**EXERCISE DESCRIPTION**:
Print what the records say exactly, and omit the pictures.

**EXTRACTED DATA**:
________________

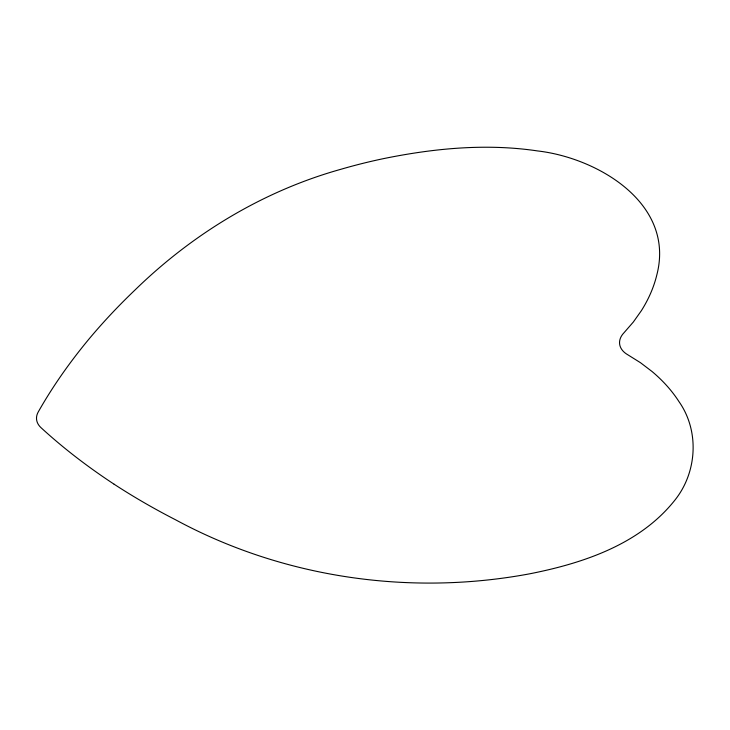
<?xml version="1.0" encoding="UTF-8"?>
<svg xmlns="http://www.w3.org/2000/svg" width="730" height="730" viewBox="0 0 730 730"><rect width="100%" height="100%" fill="white"/><g stroke="black" fill="none" stroke-linecap="round" stroke-linejoin="round"><path stroke-width="1.09" d="M114.117 484.218C88.321 467.264 63.692 448.512 40.953 427.625A26.618 17.328 -5.5 0 1 38.215 412.003C52.761 386.298 69.87 362.116 88.704 339.377A784.531 510.553 -5.5 0 1 135.196 289.819C192.656 233.855 263.129 191.059 340.554 169.378A394.83 256.942 -5.5 0 1 382.985 158.739C433.629 148.354 486.107 143.244 537.517 150.928C598.098 157.862 675.478 203.816 656.781 275.082A226.747 147.56 -5.5 0 1 641.351 310.706L633.339 322.021L623.977 332.78A26.618 17.328 -5.5 0 0 627.837 354.798L640.475 362.701L652.009 371.479A226.747 147.56 -5.5 0 1 678.973 401.609C699.595 430.946 697.177 472.164 675.004 499.995C639.909 544.388 583.197 563.259 529.615 573.826C409.776 596.218 282.966 577.895 175.547 519.778A784.531 510.553 -5.5 0 1 114.117 484.218"/></g></svg>
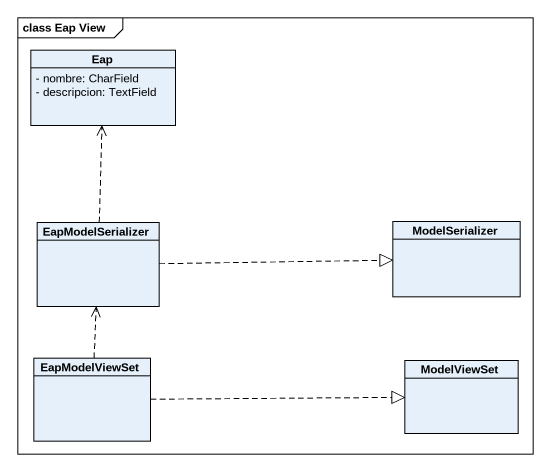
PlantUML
@startuml
mainframe class Eap View
hide circle
hide empty members
skinparam classAttributeIconSize 0
class Eap {
  - nombre: CharField
  - descripcion: TextField
}
class EapModelSerializer
class ModelSerializer
class EapModelViewSet
class ModelViewSet
EapModelSerializer .up.> Eap
EapModelSerializer .right.|> ModelSerializer
EapModelViewSet .up.> EapModelSerializer
EapModelViewSet .right.|> ModelViewSet
@enduml

________________

**RESULT OF THE TASK**:
<?xml version="1.0" encoding="UTF-8"?>
<svg xmlns="http://www.w3.org/2000/svg" width="730" height="730" viewBox="0 0 730 730"><rect width="100%" height="100%" fill="white"/><g stroke="black" fill="none" stroke-linecap="round" stroke-linejoin="round"><path stroke-width="1.09" d="M114.117 484.218C88.321 467.264 63.692 448.512 40.953 427.625A26.618 17.328 -5.5 0 1 38.215 412.003C52.761 386.298 69.87 362.116 88.704 339.377A784.531 510.553 -5.5 0 1 135.196 289.819C192.656 233.855 263.129 191.059 340.554 169.378A394.83 256.942 -5.5 0 1 382.985 158.739C433.629 148.354 486.107 143.244 537.517 150.928C598.098 157.862 675.478 203.816 656.781 275.082A226.747 147.56 -5.5 0 1 641.351 310.706L633.339 322.021L623.977 332.78A26.618 17.328 -5.5 0 0 627.837 354.798L640.475 362.701L652.009 371.479A226.747 147.56 -5.5 0 1 678.973 401.609C699.595 430.946 697.177 472.164 675.004 499.995C639.909 544.388 583.197 563.259 529.615 573.826C409.776 596.218 282.966 577.895 175.547 519.778A784.531 510.553 -5.5 0 1 114.117 484.218"/></g></svg>
PlantUML
@startuml
mainframe class Eap View
hide circle
hide empty members
skinparam classAttributeIconSize 0
class Eap {
  - nombre: CharField
  - descripcion: TextField
}
class EapModelSerializer
class ModelSerializer
class EapModelViewSet
class ModelViewSet
EapModelSerializer .up.> Eap
EapModelSerializer .right.|> ModelSerializer
EapModelViewSet .up.> EapModelSerializer
EapModelViewSet .right.|> ModelViewSet
@enduml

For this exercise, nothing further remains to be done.